United States v. Alexander, No. 21-2346 (3d Cir. 2022)Annotate this Case
Investigating drug trafficking based on the report of a confidential informant, the police entered the homes of both Alexander and his girlfriend, without search warrants. Officers entered Alexander’s home and secured the premises, then waited to conduct a search until a warrant was issued. At Alexander’s girlfriend’s home, they secured the premises and were applying for a warrant, which was all but certain to issue, when they received what they understood as consent to a search. Alexander was charged with possession with intent to distribute 28 grams or more of cocaine base, 21 U.S.C. 841(a)(1), (b)(1)(B); possession with intent to distribute cocaine; possession of a firearm in furtherance of a drug trafficking crime, 18 U.S.C. 924(c)(1)(A)(i); and possession of a firearm by a prohibited person, 18 U.S.C. 922(g)(1), 924(a)(2).

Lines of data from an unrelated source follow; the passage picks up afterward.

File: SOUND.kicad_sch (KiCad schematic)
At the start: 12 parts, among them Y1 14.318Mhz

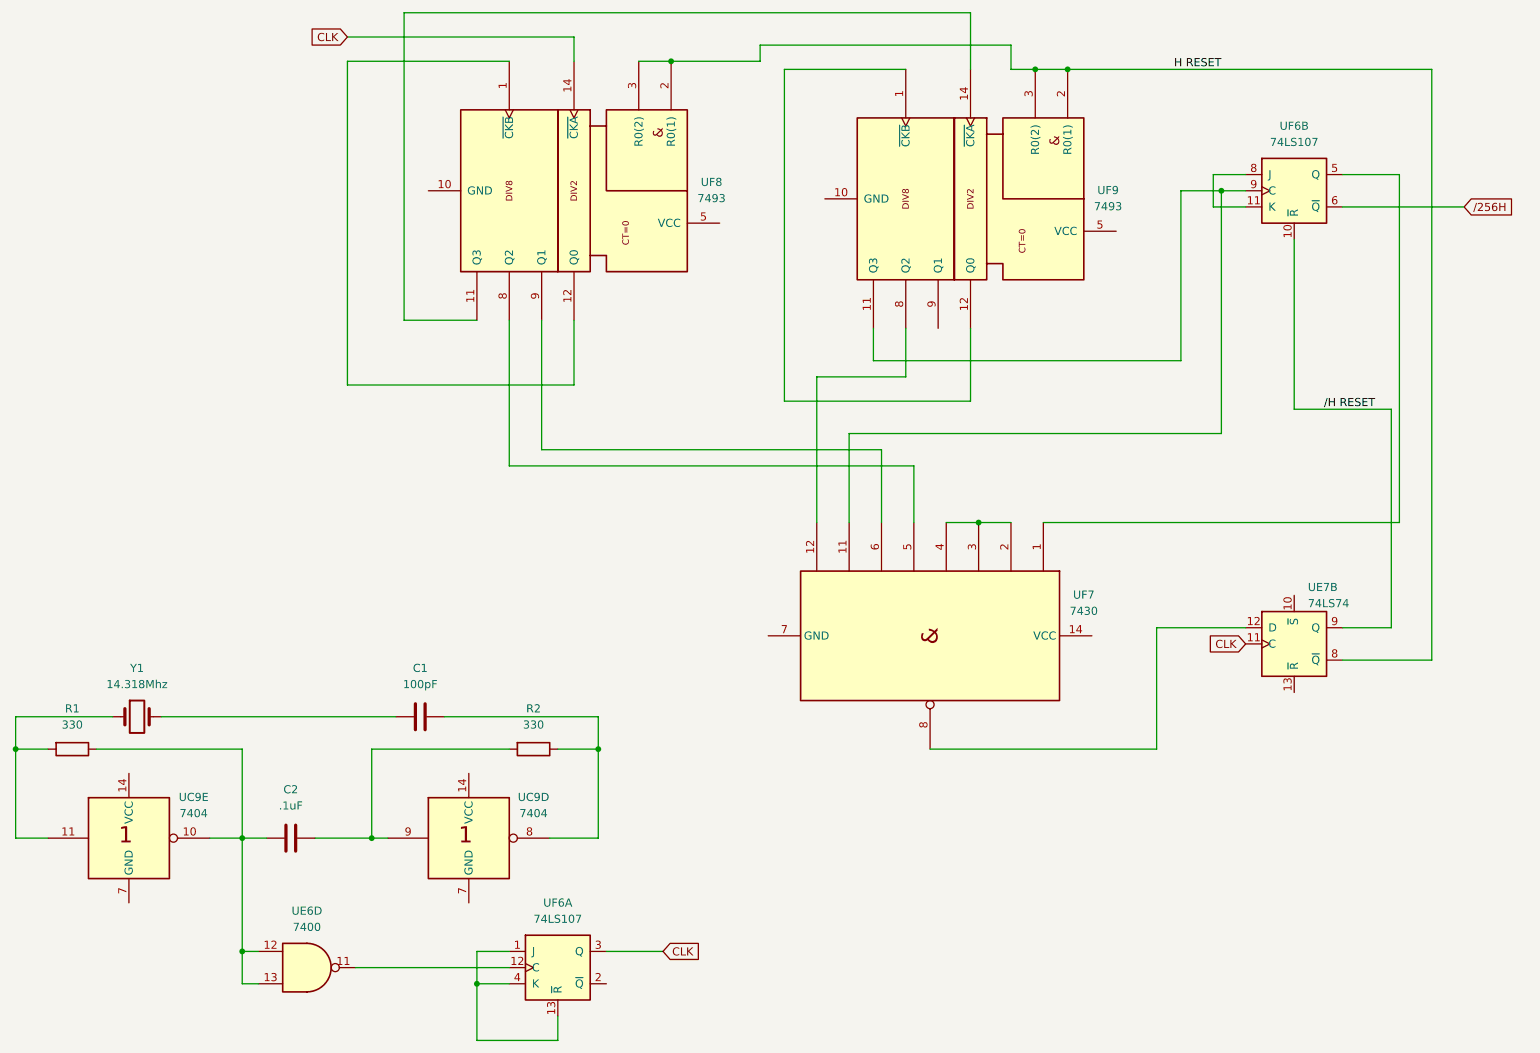
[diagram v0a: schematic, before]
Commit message: Added remainder of sheets
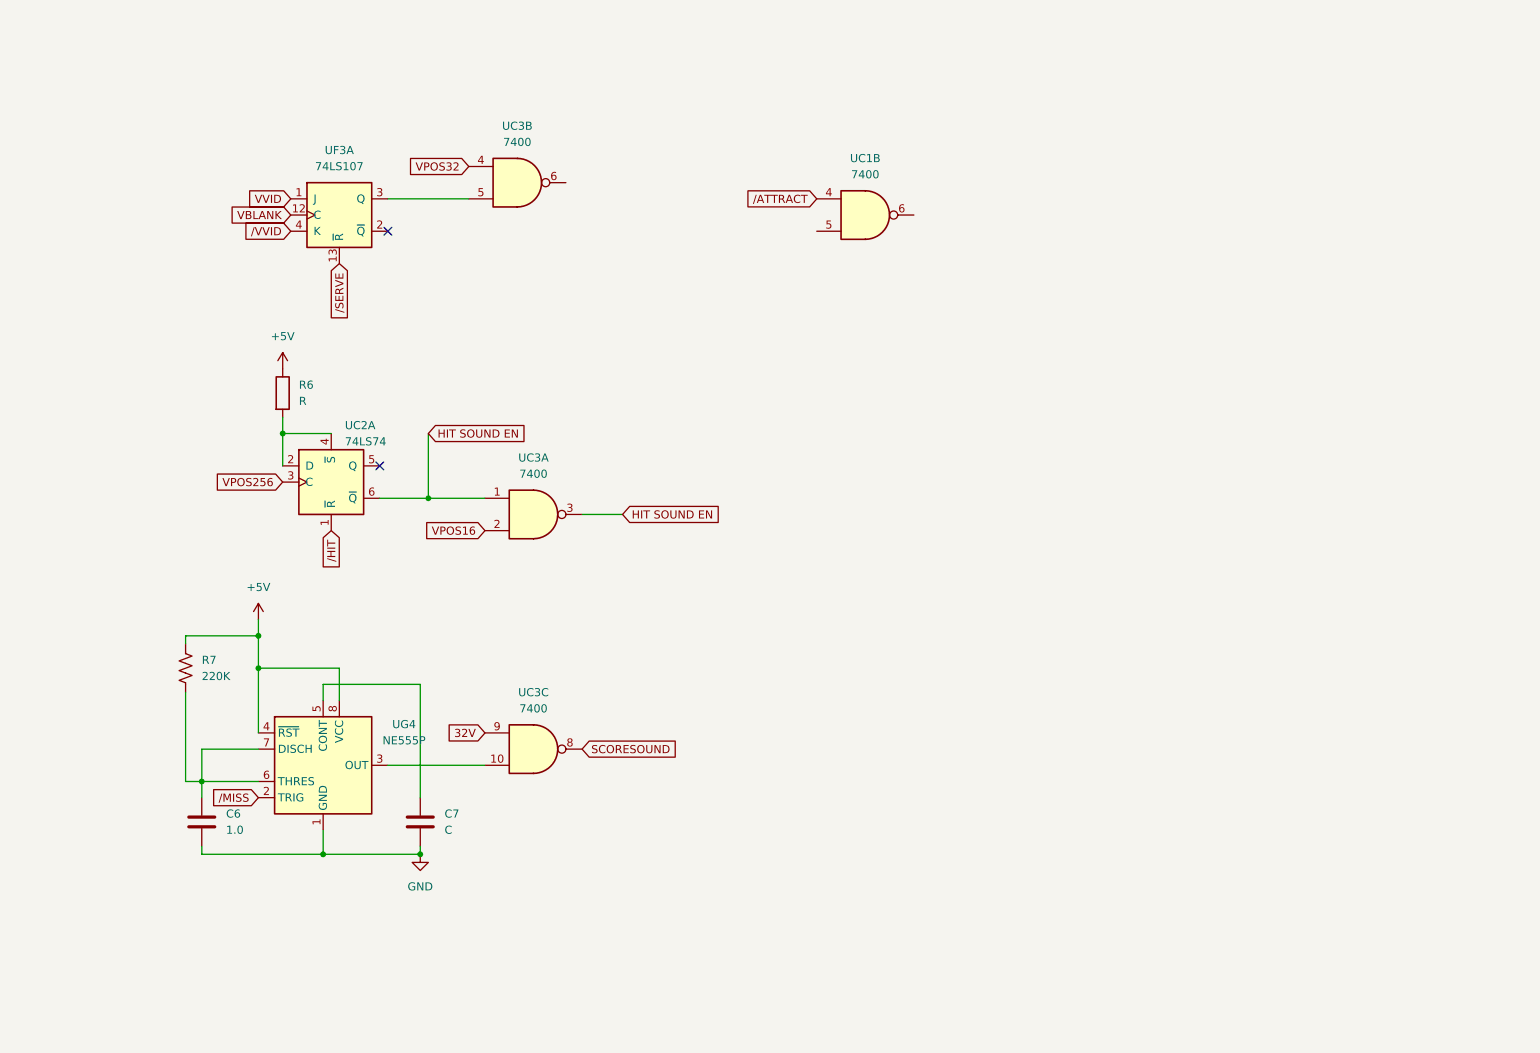
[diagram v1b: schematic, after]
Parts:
- removed C1: 100pF, symbol Device:C
- removed C2: .1uF, symbol Device:C
- removed R1, R2: 330, symbol Device:R
- removed UC9: 7404, Package_DIP:DIP-14_W7.62mm_Socket_LongPads, symbol 74xx_IEEE:7404
- removed UE6: 7400, Package_DIP:DIP-14_W7.62mm_Socket_LongPads, symbol 74xx:7400
- removed UE7: 74LS74, Package_DIP:DIP-14_W7.62mm_Socket_LongPads, symbol 74xx:74LS74
- removed UF6: 74LS107, Package_DIP:DIP-14_W7.62mm_Socket_LongPads, symbol 74xx:74LS107
- removed UF7: 7430, Package_DIP:DIP-14_W7.62mm_Socket_LongPads, symbol 74xx_IEEE:7430
- removed UF8, UF9: 7493, Package_DIP:DIP-14_W7.62mm_Socket_LongPads, symbol 74xx_IEEE:7493
- removed Y1: 14.318Mhz, symbol Device:Crystal
- added C6: 1.0, symbol Device:C
- added C7: C, symbol Device:C
- added R6: R, symbol Device:R
- added R7: 220K, symbol Device:R_US
- added UC1, UC3: 7400, Package_DIP:DIP-14_W7.62mm_Socket_LongPads, symbol 74xx:7400
- added UC2: 74LS74, Package_DIP:DIP-14_W7.62mm_Socket_LongPads, symbol 74xx:74LS74
- added UF3: 74LS107, Package_DIP:DIP-14_W7.62mm_Socket_LongPads, symbol 74xx:74LS107
- added UG4: NE555P, Package_DIP:DIP-8_W7.62mm_Socket_LongPads, symbol Timer:NE555P
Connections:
- new net: UC3.5, UF3.3 (Q)
- new net: UC3.10, UG4.3 (OUT)
- new net: C7.1, UG4.5 (CONT)
- new net: C6.1, R7.2, UG4.6 (THRES), UG4.7 (DISCH)
- new net: R6.2, UC2.2 (D), UC2.4 (~{S})
- new net +5V: R6.1, R7.1, UG4.4 (~{RST}), UG4.8 (VCC)
- new net 32V: UC3.9
- new net GND: C6.2, C7.2, UG4.1 (GND)
- new net HIT SOUND EN: UC2.6 (~{Q}), UC3.1, UC3.3
- new net SCORESOUND: UC3.8
- new net VBLANK: UF3.12 (C)
- new net VPOS16: UC3.2
- new net VPOS256: UC2.3 (C)
- new net VPOS32: UC3.4
- new net VVID: UF3.1 (J)
- new net /ATTRACT: UC1.4
- new net /HIT: UC2.1 (~{R})
- new net /MISS: UG4.2 (TRIG)
- new net /SERVE: UF3.13 (~{R})
- new net /VVID: UF3.4 (K)
- no-connect marks 0 -> 2

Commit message: R20260915
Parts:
- R6: value R -> R_US; symbol Device:R -> Device:R_US
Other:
- company: (none) -> Atari
- title: (none) -> PONG
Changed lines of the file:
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@@
 	(generator "eeschema")
 	(generator_version "10.0")
-	(paper "A4")
+	(paper "USLetter")
+	(title_block
+		(title "PONG")
+		(company "Atari")
+	)
 	(junction
 		(at 46.99 151.13)
@@
 	)
 	(symbol
-		(lib_id "Device:R")
+		(lib_id "Device:R_US")
 		(at 59.69 90.17 0)
 		(unit 1)
@@
 			)
 		)
-		(property "Value" "R"
+		(property "Value" "R_US"
 			(at 62.23 91.4399 0)
 			(show_name no)
@@
 		)
 		(property "Footprint" ""
-			(at 57.912 90.17 90)
+			(at 60.706 90.424 90)
 			(hide yes)
 			(show_name no)
@@
 			)
 		)
-		(property "Description" "Resistor"
+		(property "Description" "Resistor, US symbol"
 			(at 59.69 90.17 0)
 			(hide yes)

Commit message: R20260918
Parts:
- UC1, UC2, UC3, UF3: footprint Package_DIP:DIP-14_W7.62mm_Socket_LongPads -> pong:pong_DIP-14_W7.62mm_Socket_LongPads
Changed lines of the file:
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@@
 			)
 		)
-		(property "Footprint" "Package_DIP:DIP-14_W7.62mm_Socket_LongPads"
+		(property "Footprint" "pong:pong_DIP-14_W7.62mm_Socket_LongPads"
 			(at 96.52 57.15 0)
 			(hide yes)
@@
 			)
 		)
-		(property "Footprint" "Package_DIP:DIP-14_W7.62mm_Socket_LongPads"
+		(property "Footprint" "pong:pong_DIP-14_W7.62mm_Socket_LongPads"
 			(at 68.58 62.23 0)
 			(hide yes)
@@
 			)
 		)
-		(property "Footprint" "Package_DIP:DIP-14_W7.62mm_Socket_LongPads"
+		(property "Footprint" "pong:pong_DIP-14_W7.62mm_Socket_LongPads"
 			(at 151.13 62.23 0)
 			(hide yes)
@@
 			)
 		)
-		(property "Footprint" "Package_DIP:DIP-14_W7.62mm_Socket_LongPads"
+		(property "Footprint" "pong:pong_DIP-14_W7.62mm_Socket_LongPads"
 			(at 99.06 109.22 0)
 			(hide yes)
@@
 			)
 		)
-		(property "Footprint" "Package_DIP:DIP-14_W7.62mm_Socket_LongPads"
+		(property "Footprint" "pong:pong_DIP-14_W7.62mm_Socket_LongPads"
 			(at 67.31 104.14 0)
 			(hide yes)
@@
 			)
 		)
-		(property "Footprint" "Package_DIP:DIP-14_W7.62mm_Socket_LongPads"
+		(property "Footprint" "pong:pong_DIP-14_W7.62mm_Socket_LongPads"
 			(at 99.06 146.05 0)
 			(hide yes)

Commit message: R20260922
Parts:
- C7: footprint (none) -> Capacitor_THT:C_Disc_D16.0mm_W5.0mm_P10.00mm
- R6: value R_US -> R; footprint (none) -> Resistor_THT:R_Axial_DIN0207_L6.3mm_D2.5mm_P10.16mm_Horizontal
- R7: footprint (none) -> Resistor_THT:R_Axial_DIN0207_L6.3mm_D2.5mm_P10.16mm_Horizontal
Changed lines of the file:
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@@
 			)
 		)
-		(property "Footprint" ""
+		(property "Footprint" "Capacitor_THT:C_Disc_D16.0mm_W5.0mm_P10.00mm"
 			(at 82.2452 161.29 0)
 			(hide yes)
@@
 			)
 		)
-		(property "Footprint" ""
+		(property "Footprint" "Resistor_THT:R_Axial_DIN0207_L6.3mm_D2.5mm_P10.16mm_Horizontal"
 			(at 45.466 133.604 90)
 			(hide yes)
@@
 			)
 		)
-		(property "Value" "R_US"
+		(property "Value" "R"
 			(at 62.23 91.4399 0)
 			(show_name no)
@@
 			)
 		)
-		(property "Footprint" ""
+		(property "Footprint" "Resistor_THT:R_Axial_DIN0207_L6.3mm_D2.5mm_P10.16mm_Horizontal"
 			(at 60.706 90.424 90)
 			(hide yes)

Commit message: R20260922PM
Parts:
- C6: footprint (none) -> Capacitor_THT:C_Axial_L3.8mm_D2.6mm_P10.00mm_Horizontal
- C7: value C -> .1; footprint Capacitor_THT:C_Disc_D16.0mm_W5.0mm_P10.00mm -> Capacitor_THT:C_Axial_L3.8mm_D2.6mm_P10.00mm_Horizontal
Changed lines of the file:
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@@
 			)
 		)
-		(property "Value" "C"
+		(property "Value" ".1"
 			(at 85.09 158.7499 0)
 			(show_name no)
@@
 			)
 		)
-		(property "Footprint" "Capacitor_THT:C_Disc_D16.0mm_W5.0mm_P10.00mm"
+		(property "Footprint" "Capacitor_THT:C_Axial_L3.8mm_D2.6mm_P10.00mm_Horizontal"
 			(at 82.2452 161.29 0)
 			(hide yes)
@@
 			)
 		)
-		(property "Footprint" ""
+		(property "Footprint" "Capacitor_THT:C_Axial_L3.8mm_D2.6mm_P10.00mm_Horizontal"
 			(at 47.9552 161.29 0)
 			(hide yes)

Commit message: R20260924
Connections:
- net 16: now reaches UC1.6
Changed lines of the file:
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@@
+		)
+	)
+	(global_label "16"
+		(shape input)
+		(at 158.75 62.23 0)
+		(fields_autoplaced yes)
+		(effects
+			(font
+				(size 1.27 1.27)
+			)
+			(justify left)
+		)
+		(property "Intersheetrefs" "${INTERSHEET_REFS}"
+			(at 164.1542 62.23 0)
+			(hide yes)
+			(show_name no)
+			(do_not_autoplace no)
+			(effects
+				(font
+					(size 1.27 1.27)
+				)
+				(justify left)
+			)
 		)
 	)

The Third Circuit affirmed the denial of Alexander’s motion to suppress, citing the inevitable discovery exception to the exclusionary rule. There was probable cause to believe Alexander had cocaine and drug-dealing paraphernalia in both houses. Officers had reason to believe that Alexander had been tipped off so that evidence of drug dealing would be imminently destroyed. Exigent circumstances justified the officers entering without a warrant; the search of Alexander’s residence was valid because a warrant was properly issued.